Queen’s Head, Newton

History of the Queen's Head Newton

Listed building:

Public house, early C18 extended later in C18, and in C19 and C20. Red brick, Flemish bond, with half-hipped, tiled roof and later side stack.

In 1987, J Hall wrote in ‘About Newton – the Five Went Ways,’: Within living memory it was sometimes the case that farm workers could only go and stand outside the Queen’s Head, lacking the money to enter and buy drinks.A small cottage in the yard housed the village library, the books given by the Hurrell family in connection with their Evening School.

1725 Act of Parliament which placed road from Ware to Cambridge under a Turnpike Trust.

1728-1729: Michael King of Newton

1730 two milestones erected in Newton

1731-1738 John Rule of Newton

1753-1779 Anthony Allcock of Newton

1787-1789 Thomas Mitchell

1802 earliest known description of pub as ‘Queens Head together with the Cottage House, Outhouses, Barns, Stables, Shops, Yard, Garden, Orchard.’

1807-1826 Edward Ashby

1827 licensee Edward Ashby failed to pay rent to John Phillips. Ashby’s fixtures were auctioned off and a list can be found together with an inventory of the articles belonging to John Phillips.

1827-1828 Thomas Kidman. Pub had stabling for five horses.

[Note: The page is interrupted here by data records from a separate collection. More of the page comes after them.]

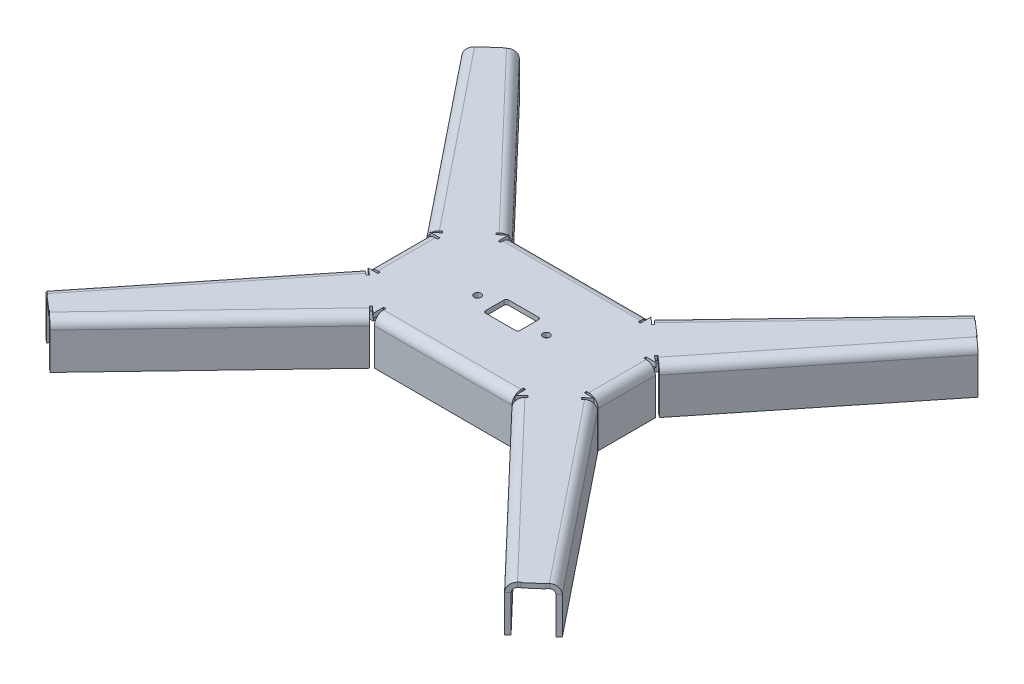
SolidWorks part; units mm, degrees
note: The reader was unsure of these and kept them because the rebuilt part matched: flange length of "Edge-Flange1", "Edge-Flange2", "Edge-Flange3", "Edge-Flange4", "Edge-Flange5", "Edge-Flange6", "Edge-Flange8", "Edge-Flange9", "Edge-Flange10", "Edge-Flange11", "Edge-Flange12", "Edge-Flange13".
material "1060 Alloy"
ref_plane "Front Plane" through (0, 0, 0) normal (0, 0, 1) x (1, 0, 0)
ref_plane "Top Plane" through (0, 0, 0) normal (0, 1, 0) x (1, 0, 0)
ref_plane "Right Plane" through (0, 0, 0) normal (1, 0, 0) x (0, 0, -1)
sketch "Sketch1" plane through (0, 0, 0) normal (0, 1, 0) x (1, 0, 0)
  line L0 (0, 0) -> (0, 30) construction
  line L1 (0, 0) -> (50, 0) construction
  line L2 (-30, 30) -> (30, 30)
  line L3 (30, 30) -> (50, 12.5) construction
  line L4 (50, 12.5) -> (50, -12.5)
  line L6 (-30, -30) -> (30, -30)
  line L9 (-50, 12.5) -> (-50, -12.5)
  line L10 (40, 21.25) -> (105.8505, 96.5077) construction
  line L11 (30, 30) -> (99.1363, 102.3826)
  line L12 (50, 12.5) -> (112.5646, 90.6328)
  line L13 (99.1363, 102.3826) -> (112.5646, 90.6328)
  line L14 (-40, 21.25) -> (-105.8505, 96.5077) construction
  line L15 (-30, 30) -> (-50, 12.5) construction
  line L16 (-99.1363, 102.3826) -> (-112.5646, 90.6328)
  line L17 (-50, 12.5) -> (-112.5646, 90.6328)
  line L18 (-30, 30) -> (-99.1363, 102.3826)
  line L19 (40, -21.25) -> (105.8505, -96.5077) construction
  line L20 (30, -30) -> (50, -12.5) construction
  line L21 (99.1363, -102.3826) -> (112.5646, -90.6328)
  line L22 (50, -12.5) -> (112.5646, -90.6328)
  line L23 (30, -30) -> (99.1363, -102.3826)
  line L24 (-30, -30) -> (-50, -12.5) construction
  line L25 (-40, -21.25) -> (-105.8505, -96.5077) construction
  line L26 (-30, -30) -> (-99.1363, -102.3826)
  line L27 (-50, -12.5) -> (-112.5646, -90.6328)
  line L28 (-99.1363, -102.3826) -> (-112.5646, -90.6328)
  dimension "D1" = 60
  dimension "D2" = 100
  dimension "D3" = 60
  dimension "D4" = 25
  dimension "D5" = 5
  dimension "D6" = 100
base flange "Base-Flange1" sketch "Sketch1" thickness 2 reverse thickness direction no parameters "D1"=2
edge flange "Edge-Flange1" sketch "Sketch8" flange angle 90 flange length 20 flange position material inside bend radius 2 thickness 2 relief rectangular parameters "D6"=10
sketch "Sketch8" plane through (0, -2, 30) normal (0, 0, 1) x (-1, 0, 0)
  line L0 (30, 0) -> (-30, 0) construction
  line L1 (30, 0) -> (-30, 0)
  line L2 (-30, 0) -> (-30, 18)
  line L3 (-30, 18) -> (30, 18)
  line L4 (30, 18) -> (30, 0)
bend "EdgeBend1" bend radius 2 bend angle 90 parameters "D5"=1
edge flange "Edge-Flange2" sketch "Sketch11" flange angle 90 flange length 20 flange position material inside bend radius 2 thickness 2 relief rectangular parameters "D6"=10
sketch "Sketch11" plane through (0, -2, -30) normal (0, 0, 1) x (-1, 0, 0)
  line L2 (-30, 0) -> (-30, 18)
  line L3 (-30, 18) -> (30, 18)
  line L4 (30, 18) -> (30, 0)
  line L5 (30, 0) -> (-30, 0) construction
  line L6 (30, 0) -> (-30, 0)
bend "EdgeBend2" bend radius 2 bend angle 90 parameters "D5"=2
edge flange "Edge-Flange3" sketch "Sketch19" flange angle 90 flange length 20 flange position material inside bend radius 2 thickness 2 relief rectangular parameters "D6"=10
sketch "Sketch19" plane through (50, -2, 0) normal (-1, 0, 0) x (0, 0, -1)
  line L2 (-12.5, 0) -> (-12.5, 18)
  line L3 (-12.5, 18) -> (12.5, 18)
  line L4 (12.5, 18) -> (12.5, 0)
  line L5 (12.5, 0) -> (-12.5, 0) construction
  line L6 (12.5, 0) -> (-12.5, 0)
bend "EdgeBend3" bend radius 2 bend angle 90 parameters "D5"=3
edge flange "Edge-Flange4" sketch "Sketch22" flange angle 90 flange length 20 flange position material inside bend radius 2 thickness 2 relief rectangular parameters "D6"=10
sketch "Sketch22" plane through (-50, -2, 0) normal (1, 0, 0) x (0, 0, 1)
  line L2 (-12.5, 0) -> (-12.5, 18)
  line L3 (-12.5, 18) -> (12.5, 18)
  line L4 (12.5, 18) -> (12.5, 0)
  line L5 (12.5, 0) -> (-12.5, 0) construction
  line L6 (12.5, 0) -> (-12.5, 0)
bend "EdgeBend4" bend radius 2 bend angle 90 parameters "D5"=4
edge flange "Edge-Flange5" sketch "Sketch26" flange angle 90 flange length 20 flange position material inside bend radius 2 thickness 2 relief rectangular parameters "D6"=10
sketch "Sketch26" plane through (24.3668, -2, -19.5116) normal (-0.7806, 0, 0.6251) x (-0.6251, 0, -0.7806)
  line L2 (-141.1051, 0) -> (-141.1051, 18)
  line L3 (-141.1051, 18) -> (-42.2909, 18)
  line L4 (-42.2909, 18) -> (-42.2909, 0)
  line L5 (-42.2909, 0) -> (-141.1051, 0) construction
  line L6 (-42.2909, 0) -> (-141.1051, 0)
bend "EdgeBend5" bend radius 2 bend angle 90 parameters "D5"=5
edge flange "Edge-Flange6" sketch "Sketch29" flange angle 90 flange length 20 flange position material inside bend radius 2 thickness 2 relief rectangular parameters "D6"=10
sketch "Sketch29" plane through (0.7036, -2, -0.672) normal (0.7231, 0, -0.6907) x (0.6907, 0, 0.7231)
  line L2 (43.863, 0) -> (43.863, 18)
  line L3 (43.863, 18) -> (142.5105, 18)
  line L4 (142.5105, 18) -> (142.5105, 0)
  line L5 (142.5105, 0) -> (43.863, 0) construction
  line L6 (142.5105, 0) -> (43.863, 0)
bend "EdgeBend6" bend radius 2 bend angle 90 parameters "D5"=6
edge flange "Edge-Flange8" sketch "Sketch39" flange angle 90 flange length 20 flange position material inside bend radius 2 thickness 2 relief rectangular parameters "D6"=10
sketch "Sketch39" plane through (24.3668, -2, 19.5116) normal (-0.7806, 0, -0.6251) x (0.6251, 0, -0.7806)
  line L2 (42.2909, 0) -> (42.2909, 18)
  line L3 (42.2909, 18) -> (141.1051, 18)
  line L4 (141.1051, 18) -> (141.1051, 0)
  line L5 (141.1051, 0) -> (42.2909, 0) construction
  line L6 (141.1051, 0) -> (42.2909, 0)
bend "EdgeBend8" bend radius 2 bend angle 90 parameters "D5"=7
edge flange "Edge-Flange9" sketch "Sketch42" flange angle 90 flange length 20 flange position material inside bend radius 2 thickness 2 relief rectangular parameters "D6"=10
sketch "Sketch42" plane through (0.7036, -2, 0.672) normal (0.7231, 0, 0.6907) x (-0.6907, 0, 0.7231)
  line L2 (-142.5105, 0) -> (-142.5105, 18)
  line L3 (-142.5105, 18) -> (-43.863, 18)
  line L4 (-43.863, 18) -> (-43.863, 0)
  line L5 (-43.863, 0) -> (-142.5105, 0) construction
  line L6 (-43.863, 0) -> (-142.5105, 0)
bend "EdgeBend9" bend radius 2 bend angle 90 parameters "D5"=8
edge flange "Edge-Flange10" sketch "Sketch45" flange angle 90 flange length 20 flange position material inside bend radius 2 thickness 2 relief rectangular parameters "D6"=10
sketch "Sketch45" plane through (-0.7036, -2, 0.672) normal (-0.7231, 0, 0.6907) x (-0.6907, 0, -0.7231)
  line L2 (43.863, 0) -> (43.863, 18)
  line L3 (43.863, 18) -> (142.5105, 18)
  line L4 (142.5105, 18) -> (142.5105, 0)
  line L5 (142.5105, 0) -> (43.863, 0) construction
  line L6 (142.5105, 0) -> (43.863, 0)
bend "EdgeBend10" bend radius 2 bend angle 90 parameters "D5"=9
edge flange "Edge-Flange11" sketch "Sketch48" flange angle 90 flange length 20 flange position material inside bend radius 2 thickness 2 relief rectangular parameters "D6"=10
sketch "Sketch48" plane through (-24.3668, -2, 19.5116) normal (0.7806, 0, -0.6251) x (0.6251, 0, 0.7806)
  line L2 (-141.1051, 0) -> (-141.1051, 18)
  line L3 (-141.1051, 18) -> (-42.2909, 18)
  line L4 (-42.2909, 18) -> (-42.2909, 0)
  line L5 (-42.2909, 0) -> (-141.1051, 0) construction
  line L6 (-42.2909, 0) -> (-141.1051, 0)
bend "EdgeBend11" bend radius 2 bend angle 90 parameters "D5"=10
edge flange "Edge-Flange12" sketch "Sketch51" flange angle 90 flange length 20 flange position material inside bend radius 2 thickness 2 relief rectangular parameters "D6"=10
sketch "Sketch51" plane through (-24.3668, -2, -19.5116) normal (0.7806, 0, 0.6251) x (-0.6251, 0, 0.7806)
  line L2 (42.2909, 0) -> (42.2909, 18)
  line L3 (42.2909, 18) -> (141.1051, 18)
  line L4 (141.1051, 18) -> (141.1051, 0)
  line L5 (141.1051, 0) -> (42.2909, 0) construction
  line L6 (141.1051, 0) -> (42.2909, 0)
bend "EdgeBend12" bend radius 2 bend angle 90 parameters "D5"=11
edge flange "Edge-Flange13" sketch "Sketch54" flange angle 90 flange length 20 flange position material inside bend radius 2 thickness 2 relief rectangular parameters "D6"=10
sketch "Sketch54" plane through (-0.7036, -2, -0.672) normal (-0.7231, 0, -0.6907) x (0.6907, 0, -0.7231)
  line L2 (-142.5105, 0) -> (-142.5105, 18)
  line L3 (-142.5105, 18) -> (-43.863, 18)
  line L4 (-43.863, 18) -> (-43.863, 0)
  line L5 (-43.863, 0) -> (-142.5105, 0) construction
  line L6 (-43.863, 0) -> (-142.5105, 0)
bend "EdgeBend13" bend radius 2 bend angle 90 parameters "D5"=12
sketch "Sketch58" plane through (0, 0, 0) normal (0, 1, 0) x (1, 0, 0)
  circle A0 centre (15, 0) radius 1.25 construction
  circle A1 centre (-15, 0) radius 1.25 construction
  circle A2 centre (15, 0) radius 1.25 construction
  circle A3 centre (-15, 0) radius 1.25 construction
  circle A4 centre (-15, 0) radius 1.5
  circle A5 centre (15, 0) radius 1.5
  dimension "D1" = 0.25
  dimension "D2" = 0.25
extrude "Cut-Extrude2" cut sketch "Sketch58" against normal through all normal cut yes
sketch "Sketch59" plane through (0, -2, 0) normal (0, -1, 0) x (1, 0, 0)
  line L1 (-7.5, -5) -> (7.5, -5)
  line L2 (-7.5, -5) -> (-7.5, 5)
  line L3 (-7.5, 5) -> (7.5, 5)
  line L4 (7.5, -5) -> (7.5, 5)
  line L5 (-7.5, -5) -> (7.5, 5) construction
  line L6 (-7.5, 5) -> (7.5, -5) construction
  point P0 (0, 0)
  dimension "D1" = 10
  dimension "D2" = 15
extrude "Cut-Extrude3" cut sketch "Sketch59" against normal through all normal cut yes
fillet "Fillet1" radius 1 4 edges at (-7.5, -1, 5) (-7.5, -1, -5) (7.5, -1, -5) (7.5, -1, 5)
sketch "Bend-Lines1" [suppressed] plane through (0, 0, 0) normal (0, 1, 0) x (1, 0, 0)
sketch "Bounding-Box1" [suppressed] plane through (0, 0, 0) normal (0, 1, 0) x (1, 0, 0)
sheet metal parameters "Sheet-Metal1" thickness 2 parameters "D1"=2
flat pattern "Flat-Pattern1" [suppressed]
sketch "Bend-Lines2" plane through (0, 0, 0) normal (0, 1, 0) x (1, 0, 0)
sketch3d "Bounding-Box2" [suppressed]
  line L0 (-50, 30, 0) -> (50, 30, 0) construction
  line L1 (-50, -30, 0) -> (50, -30, 0) construction
  line L2 (-50, 30, 0) -> (-50, -30, 0) construction
  line L3 (50, 30, 0) -> (50, -30, 0) construction
sheet metal parameters "Sheet-Metal2" thickness 2 parameters "D1"=2
flat pattern "Flat-Pattern1"
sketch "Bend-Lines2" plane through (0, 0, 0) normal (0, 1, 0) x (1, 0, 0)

1834 a list of the extensive repairs required at the Queens Head by Thomas Kidman survives.

1847-1865 John Howard

1879 Peter Stubblefield

1892-1908 Mortimer Smith. By the end of the 19th century the small cottage in the yard housed the village library.

1916 Miss V J Smith

1922-1926 Mrs Caroline Smith

1929-1933 Miss V J Smith

1948 John Morris

1954 Sidney Bowditch

1960 Norman Mills

1962 Clifford Henry Short

1971 David Martin Valentine Short

Sources: Recognizances for Victuallers, trade directories etc (researched by Jessie Hall in About Newton – The Five Went Ways)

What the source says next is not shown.